→ Data for the task:
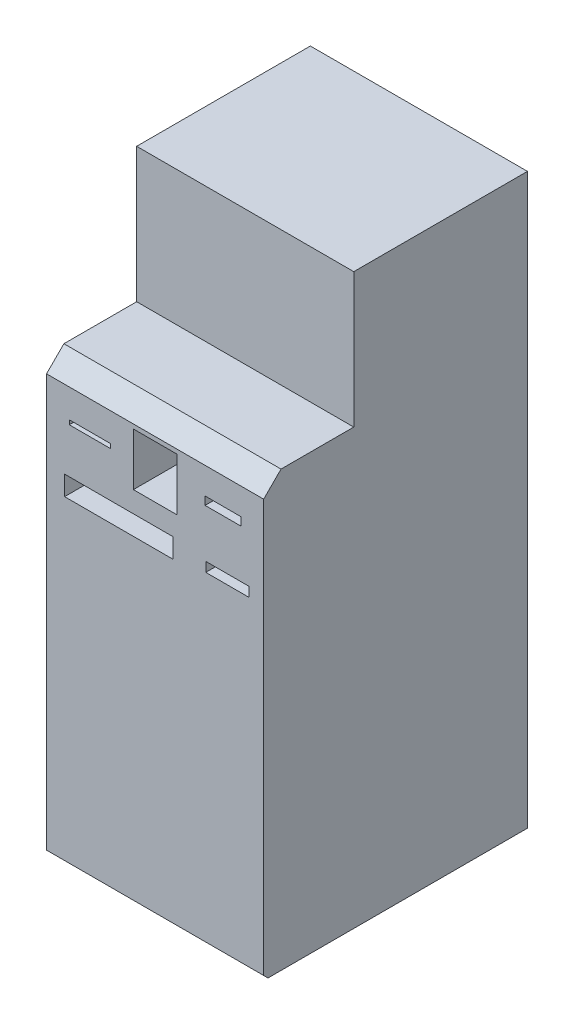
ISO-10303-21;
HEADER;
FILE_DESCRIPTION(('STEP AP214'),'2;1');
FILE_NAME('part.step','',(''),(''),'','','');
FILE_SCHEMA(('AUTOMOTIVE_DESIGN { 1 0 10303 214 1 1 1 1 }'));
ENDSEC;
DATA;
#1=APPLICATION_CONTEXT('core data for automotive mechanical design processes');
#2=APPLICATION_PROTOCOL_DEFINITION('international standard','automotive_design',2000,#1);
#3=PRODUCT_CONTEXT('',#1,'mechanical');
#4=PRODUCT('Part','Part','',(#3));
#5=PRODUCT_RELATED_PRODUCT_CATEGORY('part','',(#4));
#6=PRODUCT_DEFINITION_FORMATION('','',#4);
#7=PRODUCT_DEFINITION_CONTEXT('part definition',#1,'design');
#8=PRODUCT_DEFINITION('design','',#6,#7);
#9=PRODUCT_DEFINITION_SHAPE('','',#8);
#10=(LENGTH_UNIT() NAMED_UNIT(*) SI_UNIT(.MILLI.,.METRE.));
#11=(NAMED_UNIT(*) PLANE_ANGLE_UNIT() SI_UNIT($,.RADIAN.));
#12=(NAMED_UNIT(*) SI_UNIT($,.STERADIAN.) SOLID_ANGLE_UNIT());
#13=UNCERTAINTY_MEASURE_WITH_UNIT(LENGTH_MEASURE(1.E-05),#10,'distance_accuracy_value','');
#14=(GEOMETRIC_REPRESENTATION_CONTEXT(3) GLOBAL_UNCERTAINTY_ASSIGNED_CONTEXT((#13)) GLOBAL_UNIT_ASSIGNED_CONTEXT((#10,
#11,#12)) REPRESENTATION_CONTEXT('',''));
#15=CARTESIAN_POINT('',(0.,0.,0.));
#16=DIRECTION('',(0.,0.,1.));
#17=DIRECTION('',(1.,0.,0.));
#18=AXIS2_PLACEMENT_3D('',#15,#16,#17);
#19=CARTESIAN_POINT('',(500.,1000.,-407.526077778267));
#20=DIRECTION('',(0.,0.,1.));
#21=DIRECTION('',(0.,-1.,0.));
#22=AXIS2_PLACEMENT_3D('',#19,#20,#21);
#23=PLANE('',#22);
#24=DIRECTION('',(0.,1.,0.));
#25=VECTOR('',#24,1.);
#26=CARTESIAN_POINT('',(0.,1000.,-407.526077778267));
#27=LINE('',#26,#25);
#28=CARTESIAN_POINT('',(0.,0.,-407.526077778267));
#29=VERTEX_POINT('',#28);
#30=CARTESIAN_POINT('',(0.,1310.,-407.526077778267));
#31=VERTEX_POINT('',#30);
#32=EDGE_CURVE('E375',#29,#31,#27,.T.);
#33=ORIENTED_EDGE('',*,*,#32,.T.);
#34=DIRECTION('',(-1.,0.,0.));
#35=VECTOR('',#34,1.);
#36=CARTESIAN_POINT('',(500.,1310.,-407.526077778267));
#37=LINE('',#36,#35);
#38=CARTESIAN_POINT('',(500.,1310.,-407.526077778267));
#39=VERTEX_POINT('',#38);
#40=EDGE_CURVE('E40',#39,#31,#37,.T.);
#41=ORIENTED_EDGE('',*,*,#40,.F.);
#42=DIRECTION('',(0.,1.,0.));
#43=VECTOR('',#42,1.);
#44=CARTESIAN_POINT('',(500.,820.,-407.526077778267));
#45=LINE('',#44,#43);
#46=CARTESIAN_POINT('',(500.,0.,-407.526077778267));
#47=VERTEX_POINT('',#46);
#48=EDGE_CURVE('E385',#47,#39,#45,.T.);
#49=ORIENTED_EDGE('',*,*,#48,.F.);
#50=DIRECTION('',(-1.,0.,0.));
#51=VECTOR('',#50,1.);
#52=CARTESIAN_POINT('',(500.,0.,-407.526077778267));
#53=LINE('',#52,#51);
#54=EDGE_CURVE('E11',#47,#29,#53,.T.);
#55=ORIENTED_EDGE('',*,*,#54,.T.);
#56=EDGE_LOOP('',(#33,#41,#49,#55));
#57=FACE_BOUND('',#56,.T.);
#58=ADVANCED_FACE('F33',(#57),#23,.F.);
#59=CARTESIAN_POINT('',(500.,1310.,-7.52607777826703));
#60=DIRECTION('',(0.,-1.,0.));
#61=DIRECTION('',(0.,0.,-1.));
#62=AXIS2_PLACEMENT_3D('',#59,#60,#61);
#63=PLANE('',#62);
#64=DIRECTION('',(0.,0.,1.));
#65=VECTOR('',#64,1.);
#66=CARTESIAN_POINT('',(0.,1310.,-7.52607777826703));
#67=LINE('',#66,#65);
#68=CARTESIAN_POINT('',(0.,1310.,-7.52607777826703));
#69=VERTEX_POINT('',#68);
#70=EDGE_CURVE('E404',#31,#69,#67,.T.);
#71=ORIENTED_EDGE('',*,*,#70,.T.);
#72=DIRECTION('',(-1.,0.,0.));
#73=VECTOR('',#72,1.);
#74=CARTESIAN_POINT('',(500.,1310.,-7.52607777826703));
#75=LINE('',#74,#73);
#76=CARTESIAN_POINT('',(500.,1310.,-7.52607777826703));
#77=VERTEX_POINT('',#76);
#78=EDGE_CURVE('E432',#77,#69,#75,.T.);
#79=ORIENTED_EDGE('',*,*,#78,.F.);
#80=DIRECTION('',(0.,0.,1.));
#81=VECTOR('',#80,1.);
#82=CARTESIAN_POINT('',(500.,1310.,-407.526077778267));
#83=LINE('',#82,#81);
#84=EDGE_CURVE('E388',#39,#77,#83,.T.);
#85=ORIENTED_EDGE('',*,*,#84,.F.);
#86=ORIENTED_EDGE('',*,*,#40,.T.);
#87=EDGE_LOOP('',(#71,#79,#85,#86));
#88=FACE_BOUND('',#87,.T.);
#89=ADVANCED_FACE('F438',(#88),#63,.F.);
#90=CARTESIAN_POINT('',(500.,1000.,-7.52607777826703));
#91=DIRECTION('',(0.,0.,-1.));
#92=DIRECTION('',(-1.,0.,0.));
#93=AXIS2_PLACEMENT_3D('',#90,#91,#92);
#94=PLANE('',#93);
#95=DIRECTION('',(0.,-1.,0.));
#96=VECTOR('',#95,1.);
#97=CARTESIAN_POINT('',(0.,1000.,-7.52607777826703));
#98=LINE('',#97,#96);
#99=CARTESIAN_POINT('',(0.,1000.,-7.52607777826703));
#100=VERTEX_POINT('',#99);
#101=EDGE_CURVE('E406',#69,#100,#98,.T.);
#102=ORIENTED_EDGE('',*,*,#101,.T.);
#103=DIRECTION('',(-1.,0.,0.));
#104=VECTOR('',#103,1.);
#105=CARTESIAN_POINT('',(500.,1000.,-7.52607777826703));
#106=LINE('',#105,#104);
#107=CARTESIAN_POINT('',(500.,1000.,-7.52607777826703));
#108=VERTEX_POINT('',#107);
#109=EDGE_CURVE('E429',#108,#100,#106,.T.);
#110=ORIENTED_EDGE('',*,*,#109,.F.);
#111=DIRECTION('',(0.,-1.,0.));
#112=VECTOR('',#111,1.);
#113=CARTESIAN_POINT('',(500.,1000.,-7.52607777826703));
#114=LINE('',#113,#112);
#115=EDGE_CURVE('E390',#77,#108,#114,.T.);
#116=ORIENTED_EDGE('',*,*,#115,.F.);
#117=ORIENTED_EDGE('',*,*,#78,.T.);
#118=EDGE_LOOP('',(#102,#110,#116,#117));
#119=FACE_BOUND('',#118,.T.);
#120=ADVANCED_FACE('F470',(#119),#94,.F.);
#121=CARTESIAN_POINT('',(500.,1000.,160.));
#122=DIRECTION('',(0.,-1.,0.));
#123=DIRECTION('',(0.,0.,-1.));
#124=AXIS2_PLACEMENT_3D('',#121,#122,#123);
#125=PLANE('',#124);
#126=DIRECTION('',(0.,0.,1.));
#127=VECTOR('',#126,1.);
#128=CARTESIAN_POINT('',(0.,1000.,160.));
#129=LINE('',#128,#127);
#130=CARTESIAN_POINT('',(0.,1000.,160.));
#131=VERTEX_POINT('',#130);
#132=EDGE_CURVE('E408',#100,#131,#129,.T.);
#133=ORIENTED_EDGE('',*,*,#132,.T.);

→ Exercise prompt:
In the listing above, locate the line with "#28=CARTESIAN_POINT('',(0.,0.,-407.526077778267));" and the line with "#67=LINE('',#66,#65);", then extract exactly those lines and every line between them, and nothing more.

→ Problem solution:
#28=CARTESIAN_POINT('',(0.,0.,-407.526077778267));
#29=VERTEX_POINT('',#28);
#30=CARTESIAN_POINT('',(0.,1310.,-407.526077778267));
#31=VERTEX_POINT('',#30);
#32=EDGE_CURVE('E375',#29,#31,#27,.T.);
#33=ORIENTED_EDGE('',*,*,#32,.T.);
#34=DIRECTION('',(-1.,0.,0.));
#35=VECTOR('',#34,1.);
#36=CARTESIAN_POINT('',(500.,1310.,-407.526077778267));
#37=LINE('',#36,#35);
#38=CARTESIAN_POINT('',(500.,1310.,-407.526077778267));
#39=VERTEX_POINT('',#38);
#40=EDGE_CURVE('E40',#39,#31,#37,.T.);
#41=ORIENTED_EDGE('',*,*,#40,.F.);
#42=DIRECTION('',(0.,1.,0.));
#43=VECTOR('',#42,1.);
#44=CARTESIAN_POINT('',(500.,820.,-407.526077778267));
#45=LINE('',#44,#43);
#46=CARTESIAN_POINT('',(500.,0.,-407.526077778267));
#47=VERTEX_POINT('',#46);
#48=EDGE_CURVE('E385',#47,#39,#45,.T.);
#49=ORIENTED_EDGE('',*,*,#48,.F.);
#50=DIRECTION('',(-1.,0.,0.));
#51=VECTOR('',#50,1.);
#52=CARTESIAN_POINT('',(500.,0.,-407.526077778267));
#53=LINE('',#52,#51);
#54=EDGE_CURVE('E11',#47,#29,#53,.T.);
#55=ORIENTED_EDGE('',*,*,#54,.T.);
#56=EDGE_LOOP('',(#33,#41,#49,#55));
#57=FACE_BOUND('',#56,.T.);
#58=ADVANCED_FACE('F33',(#57),#23,.F.);
#59=CARTESIAN_POINT('',(500.,1310.,-7.52607777826703));
#60=DIRECTION('',(0.,-1.,0.));
#61=DIRECTION('',(0.,0.,-1.));
#62=AXIS2_PLACEMENT_3D('',#59,#60,#61);
#63=PLANE('',#62);
#64=DIRECTION('',(0.,0.,1.));
#65=VECTOR('',#64,1.);
#66=CARTESIAN_POINT('',(0.,1310.,-7.52607777826703));
#67=LINE('',#66,#65);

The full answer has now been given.